RECORDS TO USE:
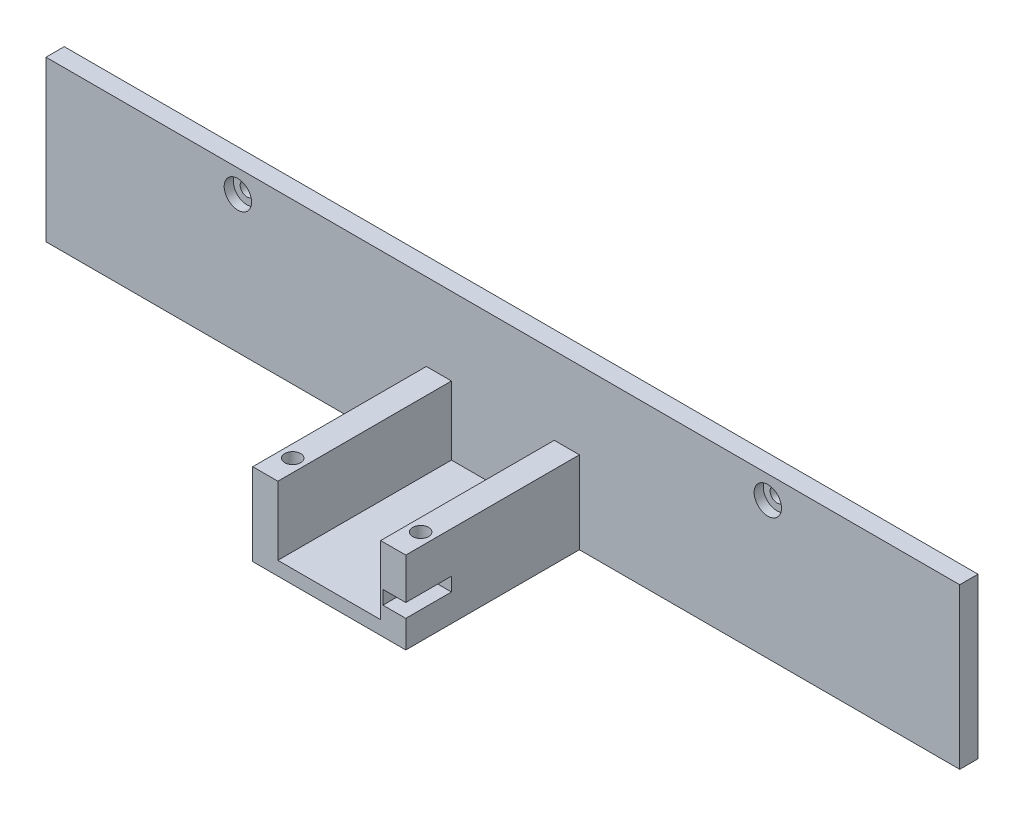
ISO-10303-21;
HEADER;
FILE_DESCRIPTION(('STEP AP214'),'2;1');
FILE_NAME('part.step','',(''),(''),'','','');
FILE_SCHEMA(('AUTOMOTIVE_DESIGN { 1 0 10303 214 1 1 1 1 }'));
ENDSEC;
DATA;
#1=APPLICATION_CONTEXT('core data for automotive mechanical design processes');
#2=APPLICATION_PROTOCOL_DEFINITION('international standard','automotive_design',2000,#1);
#3=PRODUCT_CONTEXT('',#1,'mechanical');
#4=PRODUCT('Part','Part','',(#3));
#5=PRODUCT_RELATED_PRODUCT_CATEGORY('part','',(#4));
#6=PRODUCT_DEFINITION_FORMATION('','',#4);
#7=PRODUCT_DEFINITION_CONTEXT('part definition',#1,'design');
#8=PRODUCT_DEFINITION('design','',#6,#7);
#9=PRODUCT_DEFINITION_SHAPE('','',#8);
#10=(LENGTH_UNIT() NAMED_UNIT(*) SI_UNIT(.MILLI.,.METRE.));
#11=(NAMED_UNIT(*) PLANE_ANGLE_UNIT() SI_UNIT($,.RADIAN.));
#12=(NAMED_UNIT(*) SI_UNIT($,.STERADIAN.) SOLID_ANGLE_UNIT());
#13=UNCERTAINTY_MEASURE_WITH_UNIT(LENGTH_MEASURE(1.E-05),#10,'distance_accuracy_value','');
#14=(GEOMETRIC_REPRESENTATION_CONTEXT(3) GLOBAL_UNCERTAINTY_ASSIGNED_CONTEXT((#13)) GLOBAL_UNIT_ASSIGNED_CONTEXT((#10,
#11,#12)) REPRESENTATION_CONTEXT('',''));
#15=CARTESIAN_POINT('',(0.,0.,0.));
#16=DIRECTION('',(0.,0.,1.));
#17=DIRECTION('',(1.,0.,0.));
#18=AXIS2_PLACEMENT_3D('',#15,#16,#17);
#19=CARTESIAN_POINT('',(0.,0.,4.));
#20=DIRECTION('',(0.,1.,0.));
#21=DIRECTION('',(0.,0.,1.));
#22=AXIS2_PLACEMENT_3D('',#19,#20,#21);
#23=PLANE('',#22);
#24=DIRECTION('',(1.,0.,0.));
#25=VECTOR('',#24,1.);
#26=CARTESIAN_POINT('',(0.,0.,0.));
#27=LINE('',#26,#25);
#28=CARTESIAN_POINT('',(0.,0.,0.));
#29=VERTEX_POINT('',#28);
#30=CARTESIAN_POINT('',(200.,0.,0.));
#31=VERTEX_POINT('',#30);
#32=EDGE_CURVE('E262',#29,#31,#27,.T.);
#33=ORIENTED_EDGE('',*,*,#32,.T.);
#34=DIRECTION('',(0.,0.,-1.));
#35=VECTOR('',#34,1.);
#36=CARTESIAN_POINT('',(200.,0.,4.));
#37=LINE('',#36,#35);
#38=CARTESIAN_POINT('',(200.,0.,4.));
#39=VERTEX_POINT('',#38);
#40=EDGE_CURVE('E46',#39,#31,#37,.T.);
#41=ORIENTED_EDGE('',*,*,#40,.F.);
#42=DIRECTION('',(1.,0.,0.));
#43=VECTOR('',#42,1.);
#44=CARTESIAN_POINT('',(0.,0.,4.));
#45=LINE('',#44,#43);
#46=CARTESIAN_POINT('',(116.75,0.,4.));
#47=VERTEX_POINT('',#46);
#48=EDGE_CURVE('E269',#47,#39,#45,.T.);
#49=ORIENTED_EDGE('',*,*,#48,.F.);
#50=DIRECTION('',(0.,0.,-1.));
#51=VECTOR('',#50,1.);
#52=CARTESIAN_POINT('',(116.75,0.,42.));
#53=LINE('',#52,#51);
#54=CARTESIAN_POINT('',(116.75,0.,42.));
#55=VERTEX_POINT('',#54);
#56=EDGE_CURVE('E61',#55,#47,#53,.T.);
#57=ORIENTED_EDGE('',*,*,#56,.F.);
#58=DIRECTION('',(1.,0.,0.));
#59=VECTOR('',#58,1.);
#60=CARTESIAN_POINT('',(0.,0.,42.));
#61=LINE('',#60,#59);
#62=CARTESIAN_POINT('',(83.25,0.,42.));
#63=VERTEX_POINT('',#62);
#64=EDGE_CURVE('E194',#63,#55,#61,.T.);
#65=ORIENTED_EDGE('',*,*,#64,.F.);
#66=DIRECTION('',(0.,0.,-1.));
#67=VECTOR('',#66,1.);
#68=CARTESIAN_POINT('',(83.25,0.,42.));
#69=LINE('',#68,#67);
#70=CARTESIAN_POINT('',(83.25,0.,4.));
#71=VERTEX_POINT('',#70);
#72=EDGE_CURVE('E247',#63,#71,#69,.T.);
#73=ORIENTED_EDGE('',*,*,#72,.T.);
#74=CARTESIAN_POINT('',(0.,0.,4.));
#75=VERTEX_POINT('',#74);
#76=EDGE_CURVE('E265',#75,#71,#45,.T.);
#77=ORIENTED_EDGE('',*,*,#76,.F.);
#78=DIRECTION('',(0.,0.,-1.));
#79=VECTOR('',#78,1.);
#80=CARTESIAN_POINT('',(0.,0.,4.));
#81=LINE('',#80,#79);
#82=EDGE_CURVE('E283',#75,#29,#81,.T.);
#83=ORIENTED_EDGE('',*,*,#82,.T.);
#84=EDGE_LOOP('',(#33,#41,#49,#57,#65,#73,#77,#83));
#85=FACE_BOUND('',#84,.T.);
#86=ADVANCED_FACE('F39',(#85),#23,.F.);
#87=CARTESIAN_POINT('',(200.,0.,4.));
#88=DIRECTION('',(-1.,0.,0.));
#89=DIRECTION('',(0.,0.,1.));
#90=AXIS2_PLACEMENT_3D('',#87,#88,#89);
#91=PLANE('',#90);
#92=DIRECTION('',(0.,1.,0.));
#93=VECTOR('',#92,1.);
#94=CARTESIAN_POINT('',(200.,0.,0.));
#95=LINE('',#94,#93);
#96=CARTESIAN_POINT('',(200.,35.,0.));
#97=VERTEX_POINT('',#96);
#98=EDGE_CURVE('E286',#31,#97,#95,.T.);
#99=ORIENTED_EDGE('',*,*,#98,.T.);
#100=DIRECTION('',(0.,0.,-1.));
#101=VECTOR('',#100,1.);
#102=CARTESIAN_POINT('',(200.,35.,4.));
#103=LINE('',#102,#101);
#104=CARTESIAN_POINT('',(200.,35.,4.));
#105=VERTEX_POINT('',#104);
#106=EDGE_CURVE('E298',#105,#97,#103,.T.);
#107=ORIENTED_EDGE('',*,*,#106,.F.);
#108=DIRECTION('',(0.,1.,0.));
#109=VECTOR('',#108,1.);
#110=CARTESIAN_POINT('',(200.,0.,4.));
#111=LINE('',#110,#109);
#112=EDGE_CURVE('E268',#39,#105,#111,.T.);
#113=ORIENTED_EDGE('',*,*,#112,.F.);
#114=ORIENTED_EDGE('',*,*,#40,.T.);
#115=EDGE_LOOP('',(#99,#107,#113,#114));
#116=FACE_BOUND('',#115,.T.);
#117=ADVANCED_FACE('F303',(#116),#91,.F.);
#118=CARTESIAN_POINT('',(0.,35.,4.));
#119=DIRECTION('',(0.,1.,0.));
#120=DIRECTION('',(-1.,0.,0.));
#121=AXIS2_PLACEMENT_3D('',#118,#119,#120);
#122=PLANE('',#121);
#123=DIRECTION('',(1.,0.,0.));
#124=VECTOR('',#123,1.);
#125=CARTESIAN_POINT('',(0.,35.,0.));
#126=LINE('',#125,#124);
#127=CARTESIAN_POINT('',(0.,35.,0.));
#128=VERTEX_POINT('',#127);
#129=EDGE_CURVE('E289',#128,#97,#126,.T.);
#130=ORIENTED_EDGE('',*,*,#129,.F.);
#131=DIRECTION('',(0.,0.,-1.));
#132=VECTOR('',#131,1.);
#133=CARTESIAN_POINT('',(0.,35.,4.));
#134=LINE('',#133,#132);
#135=CARTESIAN_POINT('',(0.,35.,4.));
#136=VERTEX_POINT('',#135);
#137=EDGE_CURVE('E296',#136,#128,#134,.T.);
#138=ORIENTED_EDGE('',*,*,#137,.F.);
#139=DIRECTION('',(1.,0.,0.));
#140=VECTOR('',#139,1.);
#141=CARTESIAN_POINT('',(0.,35.,4.));
#142=LINE('',#141,#140);
#143=EDGE_CURVE('E271',#136,#105,#142,.T.);
#144=ORIENTED_EDGE('',*,*,#143,.T.);
#145=ORIENTED_EDGE('',*,*,#106,.T.);
#146=EDGE_LOOP('',(#130,#138,#144,#145));
#147=FACE_BOUND('',#146,.T.);
#148=ADVANCED_FACE('F319',(#147),#122,.T.);
#149=CARTESIAN_POINT('',(42.,30.,4.));
#150=DIRECTION('',(0.,0.,-1.));
#151=DIRECTION('',(-1.,0.,0.));
#152=AXIS2_PLACEMENT_3D('',#149,#150,#151);
#153=CYLINDRICAL_SURFACE('',#152,2.99999999999999);
#154=CARTESIAN_POINT('',(42.,30.,2.));
#155=DIRECTION('',(0.,0.,1.));
#156=DIRECTION('',(1.,0.,0.));
#157=AXIS2_PLACEMENT_3D('',#154,#155,#156);
#158=CIRCLE('',#157,2.99999999999999);
#159=CARTESIAN_POINT('',(45.,30.,2.));
#160=VERTEX_POINT('',#159);
#161=EDGE_CURVE('E256',#160,#160,#158,.F.);
#162=ORIENTED_EDGE('',*,*,#161,.T.);
#163=EDGE_LOOP('',(#162));
#164=FACE_BOUND('',#163,.T.);
#165=CARTESIAN_POINT('',(42.,30.,4.));
#166=DIRECTION('',(0.,0.,1.));
#167=DIRECTION('',(1.,0.,0.));
#168=AXIS2_PLACEMENT_3D('',#165,#166,#167);
#169=CIRCLE('',#168,2.99999999999999);
#170=CARTESIAN_POINT('',(45.,30.,4.));
#171=VERTEX_POINT('',#170);
#172=EDGE_CURVE('E277',#171,#171,#169,.F.);
#173=ORIENTED_EDGE('',*,*,#172,.F.);
#174=EDGE_LOOP('',(#173));
#175=FACE_BOUND('',#174,.T.);
#176=ADVANCED_FACE('F373',(#164,#175),#153,.F.);
#177=CARTESIAN_POINT('',(0.,0.,4.));
#178=DIRECTION('',(-1.,0.,0.));
#179=DIRECTION('',(0.,0.,1.));
#180=AXIS2_PLACEMENT_3D('',#177,#178,#179);
#181=PLANE('',#180);
#182=DIRECTION('',(0.,1.,0.));
#183=VECTOR('',#182,1.);
#184=CARTESIAN_POINT('',(0.,0.,0.));
#185=LINE('',#184,#183);
#186=EDGE_CURVE('E292',#29,#128,#185,.T.);
#187=ORIENTED_EDGE('',*,*,#186,.F.);
#188=ORIENTED_EDGE('',*,*,#82,.F.);
#189=DIRECTION('',(0.,1.,0.));
#190=VECTOR('',#189,1.);
#191=CARTESIAN_POINT('',(0.,0.,4.));
#192=LINE('',#191,#190);
#193=EDGE_CURVE('E274',#75,#136,#192,.T.);
#194=ORIENTED_EDGE('',*,*,#193,.T.);
#195=ORIENTED_EDGE('',*,*,#137,.T.);
#196=EDGE_LOOP('',(#187,#188,#194,#195));
#197=FACE_BOUND('',#196,.T.);
#198=ADVANCED_FACE('F314',(#197),#181,.T.);
#199=CARTESIAN_POINT('',(158.,30.,4.));
#200=DIRECTION('',(0.,0.,-1.));
#201=DIRECTION('',(-1.,0.,0.));
#202=AXIS2_PLACEMENT_3D('',#199,#200,#201);
#203=CYLINDRICAL_SURFACE('',#202,2.99999999999999);
#204=CARTESIAN_POINT('',(158.,30.,2.));
#205=DIRECTION('',(0.,0.,1.));
#206=DIRECTION('',(1.,0.,0.));
#207=AXIS2_PLACEMENT_3D('',#204,#205,#206);
#208=CIRCLE('',#207,2.99999999999999);
#209=CARTESIAN_POINT('',(161.,30.,2.));
#210=VERTEX_POINT('',#209);
#211=EDGE_CURVE('E11',#210,#210,#208,.T.);
#212=ORIENTED_EDGE('',*,*,#211,.F.);
#213=EDGE_LOOP('',(#212));
#214=FACE_BOUND('',#213,.T.);
#215=CARTESIAN_POINT('',(158.,30.,4.));
#216=DIRECTION('',(0.,0.,1.));
#217=DIRECTION('',(1.,0.,0.));
#218=AXIS2_PLACEMENT_3D('',#215,#216,#217);
#219=CIRCLE('',#218,2.99999999999999);
#220=CARTESIAN_POINT('',(161.,30.,4.));
#221=VERTEX_POINT('',#220);
#222=EDGE_CURVE('E280',#221,#221,#219,.T.);
#223=ORIENTED_EDGE('',*,*,#222,.T.);
#224=EDGE_LOOP('',(#223));
#225=FACE_BOUND('',#224,.T.);
#226=ADVANCED_FACE('F378',(#214,#225),#203,.F.);
#227=CARTESIAN_POINT('',(0.,0.,4.));
#228=DIRECTION('',(0.,0.,1.));
#229=DIRECTION('',(1.,0.,0.));
#230=AXIS2_PLACEMENT_3D('',#227,#228,#229);
#231=PLANE('',#230);
#232=DIRECTION('',(0.,-1.,0.));
#233=VECTOR('',#232,1.);
#234=CARTESIAN_POINT('',(83.25,0.,4.));
#235=LINE('',#234,#233);
#236=CARTESIAN_POINT('',(83.25,18.,4.));
#237=VERTEX_POINT('',#236);
#238=EDGE_CURVE('E187',#237,#71,#235,.T.);
#239=ORIENTED_EDGE('',*,*,#238,.F.);
#240=DIRECTION('',(1.,0.,0.));
#241=VECTOR('',#240,1.);
#242=CARTESIAN_POINT('',(0.,18.,4.));
#243=LINE('',#242,#241);
#244=CARTESIAN_POINT('',(88.75,18.,4.));
#245=VERTEX_POINT('',#244);
#246=EDGE_CURVE('E195',#237,#245,#243,.T.);
#247=ORIENTED_EDGE('',*,*,#246,.T.);
#248=DIRECTION('',(0.,-1.,0.));
#249=VECTOR('',#248,1.);
#250=CARTESIAN_POINT('',(88.75,0.,4.));
#251=LINE('',#250,#249);
#252=CARTESIAN_POINT('',(88.75,3.,4.));
#253=VERTEX_POINT('',#252);
#254=EDGE_CURVE('E230',#245,#253,#251,.T.);
#255=ORIENTED_EDGE('',*,*,#254,.T.);
#256=DIRECTION('',(1.,0.,0.));
#257=VECTOR('',#256,1.);
#258=CARTESIAN_POINT('',(0.,2.99999999999999,4.));
#259=LINE('',#258,#257);
#260=CARTESIAN_POINT('',(111.25,3.,4.));
#261=VERTEX_POINT('',#260);
#262=EDGE_CURVE('E227',#253,#261,#259,.T.);
#263=ORIENTED_EDGE('',*,*,#262,.T.);
#264=DIRECTION('',(0.,-1.,0.));
#265=VECTOR('',#264,1.);
#266=CARTESIAN_POINT('',(111.25,0.,4.));
#267=LINE('',#266,#265);
#268=CARTESIAN_POINT('',(111.25,18.,4.));
#269=VERTEX_POINT('',#268);
#270=EDGE_CURVE('E224',#269,#261,#267,.T.);
#271=ORIENTED_EDGE('',*,*,#270,.F.);
#272=DIRECTION('',(1.,0.,0.));
#273=VECTOR('',#272,1.);
#274=CARTESIAN_POINT('',(0.,18.,4.));
#275=LINE('',#274,#273);
#276=CARTESIAN_POINT('',(116.75,18.,4.));
#277=VERTEX_POINT('',#276);
#278=EDGE_CURVE('E221',#269,#277,#275,.T.);
#279=ORIENTED_EDGE('',*,*,#278,.T.);
#280=DIRECTION('',(0.,-1.,0.));
#281=VECTOR('',#280,1.);
#282=CARTESIAN_POINT('',(116.75,0.,4.));
#283=LINE('',#282,#281);
#284=EDGE_CURVE('E219',#277,#47,#283,.T.);
#285=ORIENTED_EDGE('',*,*,#284,.T.);
#286=ORIENTED_EDGE('',*,*,#48,.T.);
#287=ORIENTED_EDGE('',*,*,#112,.T.);
#288=ORIENTED_EDGE('',*,*,#143,.F.);
#289=ORIENTED_EDGE('',*,*,#193,.F.);
#290=ORIENTED_EDGE('',*,*,#76,.T.);
#291=EDGE_LOOP('',(#239,#247,#255,#263,#271,#279,#285,#286,#287,#288,#289,#290));
#292=FACE_BOUND('',#291,.T.);
#293=ORIENTED_EDGE('',*,*,#172,.T.);
#294=EDGE_LOOP('',(#293));
#295=FACE_BOUND('',#294,.T.);
#296=ORIENTED_EDGE('',*,*,#222,.F.);
#297=EDGE_LOOP('',(#296));
#298=FACE_BOUND('',#297,.T.);
#299=ADVANCED_FACE('F322',(#292,#295,#298),#231,.T.);
#300=CARTESIAN_POINT('',(0.,0.,0.));
#301=DIRECTION('',(0.,0.,1.));
#302=DIRECTION('',(1.,0.,0.));
#303=AXIS2_PLACEMENT_3D('',#300,#301,#302);
#304=PLANE('',#303);
#305=ORIENTED_EDGE('',*,*,#32,.F.);
#306=ORIENTED_EDGE('',*,*,#186,.T.);
#307=ORIENTED_EDGE('',*,*,#129,.T.);
#308=ORIENTED_EDGE('',*,*,#98,.F.);
#309=EDGE_LOOP('',(#305,#306,#307,#308));
#310=FACE_BOUND('',#309,.T.);
#311=CARTESIAN_POINT('',(42.,30.,0.));
#312=DIRECTION('',(0.,0.,1.));
#313=DIRECTION('',(1.,0.,0.));
#314=AXIS2_PLACEMENT_3D('',#311,#312,#313);
#315=CIRCLE('',#314,1.5);
#316=CARTESIAN_POINT('',(43.5,30.,0.));
#317=VERTEX_POINT('',#316);
#318=EDGE_CURVE('E253',#317,#317,#315,.F.);
#319=ORIENTED_EDGE('',*,*,#318,.F.);
#320=EDGE_LOOP('',(#319));
#321=FACE_BOUND('',#320,.T.);
#322=CARTESIAN_POINT('',(158.,30.,0.));
#323=DIRECTION('',(0.,0.,1.));
#324=DIRECTION('',(1.,0.,0.));
#325=AXIS2_PLACEMENT_3D('',#322,#323,#324);
#326=CIRCLE('',#325,1.5);
#327=CARTESIAN_POINT('',(159.5,30.,0.));
#328=VERTEX_POINT('',#327);
#329=EDGE_CURVE('E249',#328,#328,#326,.T.);
#330=ORIENTED_EDGE('',*,*,#329,.T.);
#331=EDGE_LOOP('',(#330));
#332=FACE_BOUND('',#331,.T.);
#333=ADVANCED_FACE('F311',(#310,#321,#332),#304,.F.);
#334=CARTESIAN_POINT('',(42.,30.,2.));
#335=DIRECTION('',(0.,0.,-1.));
#336=DIRECTION('',(-1.,0.,0.));
#337=AXIS2_PLACEMENT_3D('',#334,#335,#336);
#338=CYLINDRICAL_SURFACE('',#337,1.5);
#339=CARTESIAN_POINT('',(42.,30.,2.));
#340=DIRECTION('',(0.,0.,1.));
#341=DIRECTION('',(1.,0.,0.));
#342=AXIS2_PLACEMENT_3D('',#339,#340,#341);
#343=CIRCLE('',#342,1.5);
#344=CARTESIAN_POINT('',(43.5,30.,2.));
#345=VERTEX_POINT('',#344);
#346=EDGE_CURVE('E259',#345,#345,#343,.F.);
#347=ORIENTED_EDGE('',*,*,#346,.F.);
#348=EDGE_LOOP('',(#347));
#349=FACE_BOUND('',#348,.T.);
#350=ORIENTED_EDGE('',*,*,#318,.T.);
#351=EDGE_LOOP('',(#350));
#352=FACE_BOUND('',#351,.T.);
#353=ADVANCED_FACE('F387',(#349,#352),#338,.F.);
#354=CARTESIAN_POINT('',(0.,0.,2.));
#355=DIRECTION('',(0.,0.,1.));
#356=DIRECTION('',(1.,0.,0.));
#357=AXIS2_PLACEMENT_3D('',#354,#355,#356);
#358=PLANE('',#357);
#359=ORIENTED_EDGE('',*,*,#161,.F.);
#360=EDGE_LOOP('',(#359));
#361=FACE_BOUND('',#360,.T.);
#362=ORIENTED_EDGE('',*,*,#346,.T.);
#363=EDGE_LOOP('',(#362));
#364=FACE_BOUND('',#363,.T.);
#365=ADVANCED_FACE('F392',(#361,#364),#358,.T.);
#366=CARTESIAN_POINT('',(158.,30.,2.));
#367=DIRECTION('',(0.,0.,-1.));
#368=DIRECTION('',(-1.,0.,0.));
#369=AXIS2_PLACEMENT_3D('',#366,#367,#368);
#370=CYLINDRICAL_SURFACE('',#369,1.5);
#371=CARTESIAN_POINT('',(158.,30.,2.));
#372=DIRECTION('',(0.,0.,1.));
#373=DIRECTION('',(1.,0.,0.));
#374=AXIS2_PLACEMENT_3D('',#371,#372,#373);
#375=CIRCLE('',#374,1.5);
#376=CARTESIAN_POINT('',(159.5,30.,2.));
#377=VERTEX_POINT('',#376);
#378=EDGE_CURVE('E250',#377,#377,#375,.T.);
#379=ORIENTED_EDGE('',*,*,#378,.T.);
#380=EDGE_LOOP('',(#379));
#381=FACE_BOUND('',#380,.T.);
#382=ORIENTED_EDGE('',*,*,#329,.F.);
#383=EDGE_LOOP('',(#382));
#384=FACE_BOUND('',#383,.T.);
#385=ADVANCED_FACE('F396',(#381,#384),#370,.F.);
#386=CARTESIAN_POINT('',(0.,0.,2.));
#387=DIRECTION('',(0.,0.,1.));
#388=DIRECTION('',(1.,0.,0.));
#389=AXIS2_PLACEMENT_3D('',#386,#387,#388);
#390=PLANE('',#389);
#391=ORIENTED_EDGE('',*,*,#378,.F.);
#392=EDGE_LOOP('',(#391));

WORK INSTRUCTION:
Copy out the lines above exactly, beginning at the one that contains "#153=CYLINDRICAL_SURFACE('',#152,2.99999999999999);" and ending at the one that contains "#190=VECTOR('',#189,1.);".

TASK ANSWER:
#153=CYLINDRICAL_SURFACE('',#152,2.99999999999999);
#154=CARTESIAN_POINT('',(42.,30.,2.));
#155=DIRECTION('',(0.,0.,1.));
#156=DIRECTION('',(1.,0.,0.));
#157=AXIS2_PLACEMENT_3D('',#154,#155,#156);
#158=CIRCLE('',#157,2.99999999999999);
#159=CARTESIAN_POINT('',(45.,30.,2.));
#160=VERTEX_POINT('',#159);
#161=EDGE_CURVE('E256',#160,#160,#158,.F.);
#162=ORIENTED_EDGE('',*,*,#161,.T.);
#163=EDGE_LOOP('',(#162));
#164=FACE_BOUND('',#163,.T.);
#165=CARTESIAN_POINT('',(42.,30.,4.));
#166=DIRECTION('',(0.,0.,1.));
#167=DIRECTION('',(1.,0.,0.));
#168=AXIS2_PLACEMENT_3D('',#165,#166,#167);
#169=CIRCLE('',#168,2.99999999999999);
#170=CARTESIAN_POINT('',(45.,30.,4.));
#171=VERTEX_POINT('',#170);
#172=EDGE_CURVE('E277',#171,#171,#169,.F.);
#173=ORIENTED_EDGE('',*,*,#172,.F.);
#174=EDGE_LOOP('',(#173));
#175=FACE_BOUND('',#174,.T.);
#176=ADVANCED_FACE('F373',(#164,#175),#153,.F.);
#177=CARTESIAN_POINT('',(0.,0.,4.));
#178=DIRECTION('',(-1.,0.,0.));
#179=DIRECTION('',(0.,0.,1.));
#180=AXIS2_PLACEMENT_3D('',#177,#178,#179);
#181=PLANE('',#180);
#182=DIRECTION('',(0.,1.,0.));
#183=VECTOR('',#182,1.);
#184=CARTESIAN_POINT('',(0.,0.,0.));
#185=LINE('',#184,#183);
#186=EDGE_CURVE('E292',#29,#128,#185,.T.);
#187=ORIENTED_EDGE('',*,*,#186,.F.);
#188=ORIENTED_EDGE('',*,*,#82,.F.);
#189=DIRECTION('',(0.,1.,0.));
#190=VECTOR('',#189,1.);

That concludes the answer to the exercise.